──────── Input for this task ────────

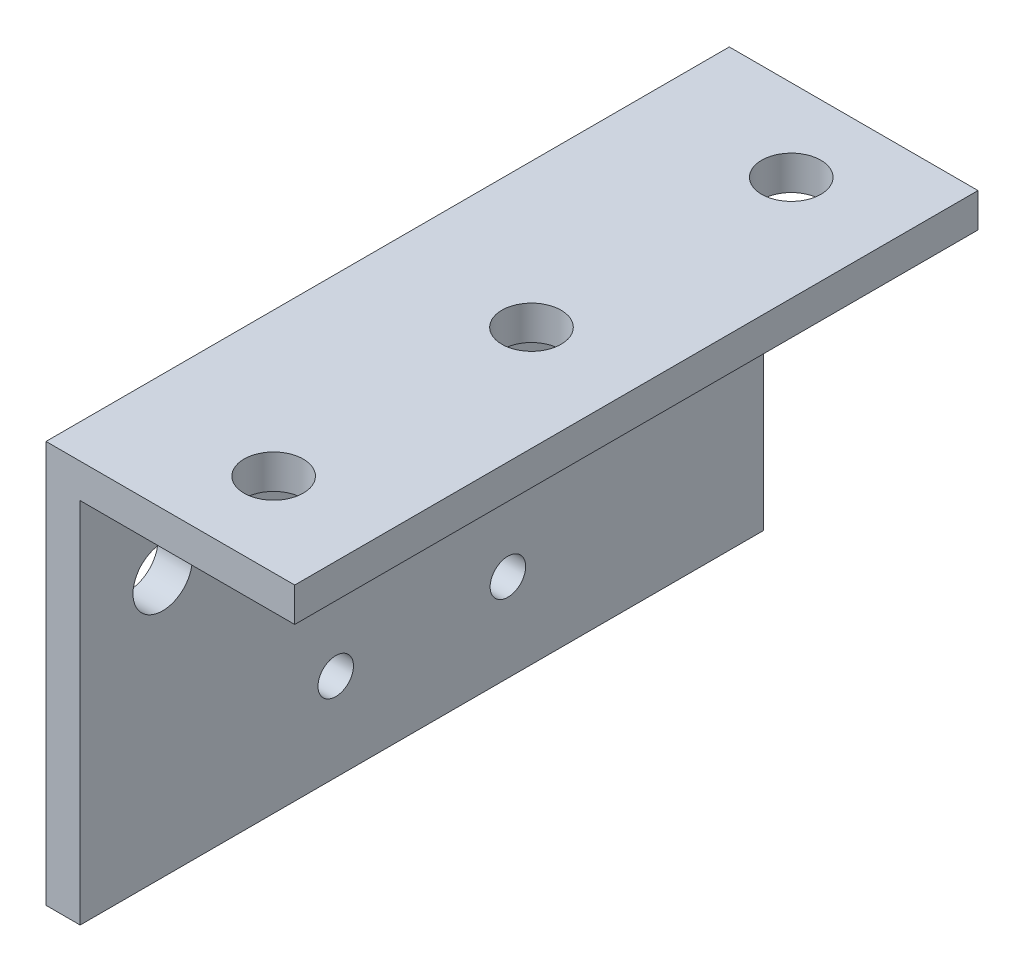
SolidWorks part; units mm, degrees
material "6061 Alloy"
ref_plane "Front Plane" through (0, 0, 0) normal (0, 0, 1) x (1, 0, 0)
ref_plane "Top Plane" through (0, 0, 0) normal (0, 1, 0) x (1, 0, 0)
ref_plane "Right Plane" through (0, 0, 0) normal (1, 0, 0) x (0, 0, -1)
sketch "Sketch1" plane through (0, 0, 0) normal (0, 0, 1) x (1, 0, 0)
  line L0 (0, 0) -> (0, 37.338)
  line L1 (0, 37.338) -> (23.114, 37.338)
  line L2 (23.114, 37.338) -> (23.114, 34.163)
  line L3 (0, 0) -> (3.175, 0)
  line L4 (3.175, 0) -> (3.175, 34.163)
  line L5 (3.175, 34.163) -> (23.114, 34.163)
  dimension "D1" = 37.338
  dimension "D2" = 23.114
  dimension "D3" = 3.175
  dimension "D4" = 3.175
extrude "Boss-Extrude1" add sketch "Sketch1" along normal blind 63.5
sketch "Sketch21" plane through (0, 0, 0) normal (-1, 0, 0) x (0, 0, 1)
  line L0 (31.75, 0) -> (31.75, 37.338) construction
  line L1 (63.5, 0) -> (0, 0) construction
  line L2 (63.5, 37.338) -> (0, 37.338) construction
  point P3 (31.75, 18.669)
sketch "Sketch28" plane through (0, 37.338, 0) normal (0, 1, 0) x (1, 0, 0)
  line L0 (23.114, -31.75) -> (0, -31.75) construction
  line L2 (23.114, -63.5) -> (23.114, 0) construction
  point P3 (11.557, -31.75)
sketch "Sketch29" plane through (0, 0, 0) normal (-1, 0, 0) x (0, 0, 1)
  line L0 (0, 24.2082) -> (63.5, 24.2082) construction
  line L1 (0, 37.338) -> (0, 0) construction
  line L2 (63.5, 37.338) -> (63.5, 0) construction
sketch "Sketch30" plane through (0, 37.338, 0) normal (0, 1, 0) x (1, 0, 0)
  line L0 (13.3686, 0) -> (13.3686, -63.5) construction
  line L1 (23.114, 0) -> (0, 0) construction
  line L2 (23.114, -63.5) -> (0, -63.5) construction
sketch "Sketch31" plane through (0, 0, 0) normal (-1, 0, 0) x (0, 0, 1)
  line L0 (31.75, 24.2082) -> (10.16, 24.2082) construction
  line L1 (0, 24.2082) -> (63.5, 24.2082) construction
  line L2 (31.75, 24.2082) -> (53.34, 24.2082) construction
sketch "Sketch32" plane through (0, 37.338, 0) normal (0, 1, 0) x (1, 0, 0)
  line L0 (13.3686, -31.75) -> (13.3686, -53.34) construction
  line L1 (13.3686, 0) -> (13.3686, -63.5) construction
  line L2 (13.3686, -31.75) -> (13.3686, -10.16) construction
hole_wizard "M5 Clearance Hole1" positions "Sketch35" profile "Sketch36" hole size "M5" standard "ANSI Metric" end condition through all
sketch "Sketch35" plane through (0, 0, 0) normal (-1, 0, 0) x (0, 0, 1)
  line L0 (0, 24.2082) -> (63.5, 24.2082) construction
  point P0 (55.8413, 24.2082)
sketch "Sketch36" plane through (0, 24.2082, 55.8413) normal (0, 1, 0) x (0, 0, 1)
  line L0 (0, 0) -> (0, 23.114)
  line L1 (0, 23.114) -> (2.75, 23.114)
  line L2 (2.75, 23.114) -> (2.75, 0)
  line L5 (2.75, 0) -> (0, 0)
  line L11 (0, -6.35) -> (0, 107.95) construction
  dimension "Thru Hole Dia." = 5.5
  dimension "Thru Hole Depth" = 23.114
hole_wizard "M5 Clearance Hole2" positions "Sketch37" profile "Sketch38" hole size "M5" standard "ANSI Metric" end condition through all
sketch "Sketch37" plane through (0, 0, 0) normal (-1, 0, 0) x (0, 0, 1)
  line L0 (0, 24.2082) -> (63.5, 24.2082) construction
  point P0 (7.6776, 24.2082)
sketch "Sketch38" plane through (0, 24.2082, 7.6776) normal (0, 1, 0) x (0, 0, 1)
  line L0 (0, 0) -> (0, 23.114)
  line L1 (0, 23.114) -> (2.75, 23.114)
  line L2 (2.75, 23.114) -> (2.75, 0)
  line L5 (2.75, 0) -> (0, 0)
  line L11 (0, -6.35) -> (0, 107.95) construction
  dimension "Thru Hole Dia." = 5.5
  dimension "Thru Hole Depth" = 23.114
hole_wizard "M5 Clearance Hole3" positions "Sketch39" profile "Sketch40" hole size "M5" standard "ANSI Metric" end condition through all
sketch "Sketch39" plane through (0, 37.338, 0) normal (0, 1, 0) x (1, 0, 0)
  point P0 (13.3686, -31.75)
sketch "Sketch40" plane through (13.3686, 37.338, 31.75) normal (1, 0, 0) x (0, 0, 1)
  line L0 (0, 0) -> (0, 37.338)
  line L1 (0, 37.338) -> (2.75, 37.338)
  line L2 (2.75, 37.338) -> (2.75, 0)
  line L5 (2.75, 0) -> (0, 0)
  line L11 (0, -6.35) -> (0, 107.95) construction
  dimension "Thru Hole Dia." = 5.5
  dimension "Thru Hole Depth" = 37.338
hole_wizard "M5 Clearance Hole4" positions "Sketch43" profile "Sketch44" hole size "M5" standard "ANSI Metric" end condition through all
sketch "Sketch43" plane through (0, 37.338, 0) normal (0, 1, 0) x (1, 0, 0)
  line L0 (13.3686, 0) -> (13.3686, -63.5) construction
  point P0 (13.3686, -55.7137)
sketch "Sketch44" plane through (13.3686, 37.338, 55.7137) normal (1, 0, 0) x (0, 0, 1)
  line L0 (0, 0) -> (0, 37.338)
  line L1 (0, 37.338) -> (2.75, 37.338)
  line L2 (2.75, 37.338) -> (2.75, 0)
  line L5 (2.75, 0) -> (0, 0)
  line L11 (0, -6.35) -> (0, 107.95) construction
  dimension "Thru Hole Dia." = 5.5
  dimension "Thru Hole Depth" = 37.338
hole_wizard "M5 Clearance Hole5" positions "Sketch49" profile "Sketch50" hole size "M5" standard "ANSI Metric" end condition through all
sketch "Sketch49" plane through (0, 37.338, 0) normal (0, 1, 0) x (1, 0, 0)
  line L0 (13.3686, 0) -> (13.3686, -63.5) construction
  point P0 (13.3686, -7.6106)
sketch "Sketch50" plane through (13.3686, 37.338, 7.6106) normal (1, 0, 0) x (0, 0, 1)
  line L0 (0, 0) -> (0, 37.338)
  line L1 (0, 37.338) -> (2.75, 37.338)
  line L2 (2.75, 37.338) -> (2.75, 0)
  line L5 (2.75, 0) -> (0, 0)
  line L11 (0, -6.35) -> (0, 107.95) construction
  dimension "Thru Hole Dia." = 5.5
  dimension "Thru Hole Depth" = 37.338
sketch "Sketch51" plane through (0, 0, 0) normal (-1, 0, 0) x (0, 0, 1)
  line L0 (63.5, 34.163) -> (0, 34.163) construction
  line L1 (39.75, 24.163) -> (23.75, 24.163) construction
  line L2 (39.75, 24.163) -> (39.75, 8.163) construction
  line L3 (39.75, 8.163) -> (23.75, 8.163) construction
  line L4 (23.75, 24.163) -> (23.75, 8.163) construction
  line L5 (39.75, 24.163) -> (23.75, 8.163) construction
  line L6 (39.75, 8.163) -> (23.75, 24.163) construction
  line L7 (31.75, 37.338) -> (31.75, 0) construction
  line L8 (63.5, 37.338) -> (0, 37.338) construction
  line L9 (63.5, 0) -> (0, 0) construction
  circle A0 centre (31.75, 16.163) radius 5 construction
  point P0 (31.75, 16.163)
  dimension "D4" = 10
  dimension "D1" = 10
  dimension "D2" = 16
  dimension "D3" = 16
hole_wizard "Tap Drill for M4x0.7 Tap2" positions "Sketch52" profile "Sketch53" hole size "M4x0.7" standard "ANSI Metric" end condition through all
sketch "Sketch52" plane through (0, 0, 0) normal (-1, 0, 0) x (0, 0, 1)
  point P0 (23.75, 24.163)
  point P3 (23.75, 8.163)
  point P6 (39.75, 8.163)
  point P9 (39.75, 24.163)
sketch "Sketch53" plane through (0, 24.163, 23.75) normal (0, 1, 0) x (0, 0, 1)
  line L0 (0, 0) -> (0, 23.114)
  line L1 (0, 23.114) -> (1.65, 23.114)
  line L2 (1.65, 23.114) -> (1.65, 0)
  line L5 (1.65, 0) -> (0, 0)
  line L11 (0, -6.35) -> (0, 107.95) construction
  dimension "Thru Hole Dia." = 3.3
  dimension "Thru Hole Depth" = 23.114

────────

■ **The task**
Look above for the line containing "line L0 (31.75, 0)" and the line containing "line L2 (31.75, 24.2082)". Transcribe both, with the lines between them, exactly.

■ **Final answer**
  line L0 (31.75, 0) -> (31.75, 37.338) construction
  line L1 (63.5, 0) -> (0, 0) construction
  line L2 (63.5, 37.338) -> (0, 37.338) construction
  point P3 (31.75, 18.669)
sketch "Sketch28" plane through (0, 37.338, 0) normal (0, 1, 0) x (1, 0, 0)
  line L0 (23.114, -31.75) -> (0, -31.75) construction
  line L2 (23.114, -63.5) -> (23.114, 0) construction
  point P3 (11.557, -31.75)
sketch "Sketch29" plane through (0, 0, 0) normal (-1, 0, 0) x (0, 0, 1)
  line L0 (0, 24.2082) -> (63.5, 24.2082) construction
  line L1 (0, 37.338) -> (0, 0) construction
  line L2 (63.5, 37.338) -> (63.5, 0) construction
sketch "Sketch30" plane through (0, 37.338, 0) normal (0, 1, 0) x (1, 0, 0)
  line L0 (13.3686, 0) -> (13.3686, -63.5) construction
  line L1 (23.114, 0) -> (0, 0) construction
  line L2 (23.114, -63.5) -> (0, -63.5) construction
sketch "Sketch31" plane through (0, 0, 0) normal (-1, 0, 0) x (0, 0, 1)
  line L0 (31.75, 24.2082) -> (10.16, 24.2082) construction
  line L1 (0, 24.2082) -> (63.5, 24.2082) construction
  line L2 (31.75, 24.2082) -> (53.34, 24.2082) construction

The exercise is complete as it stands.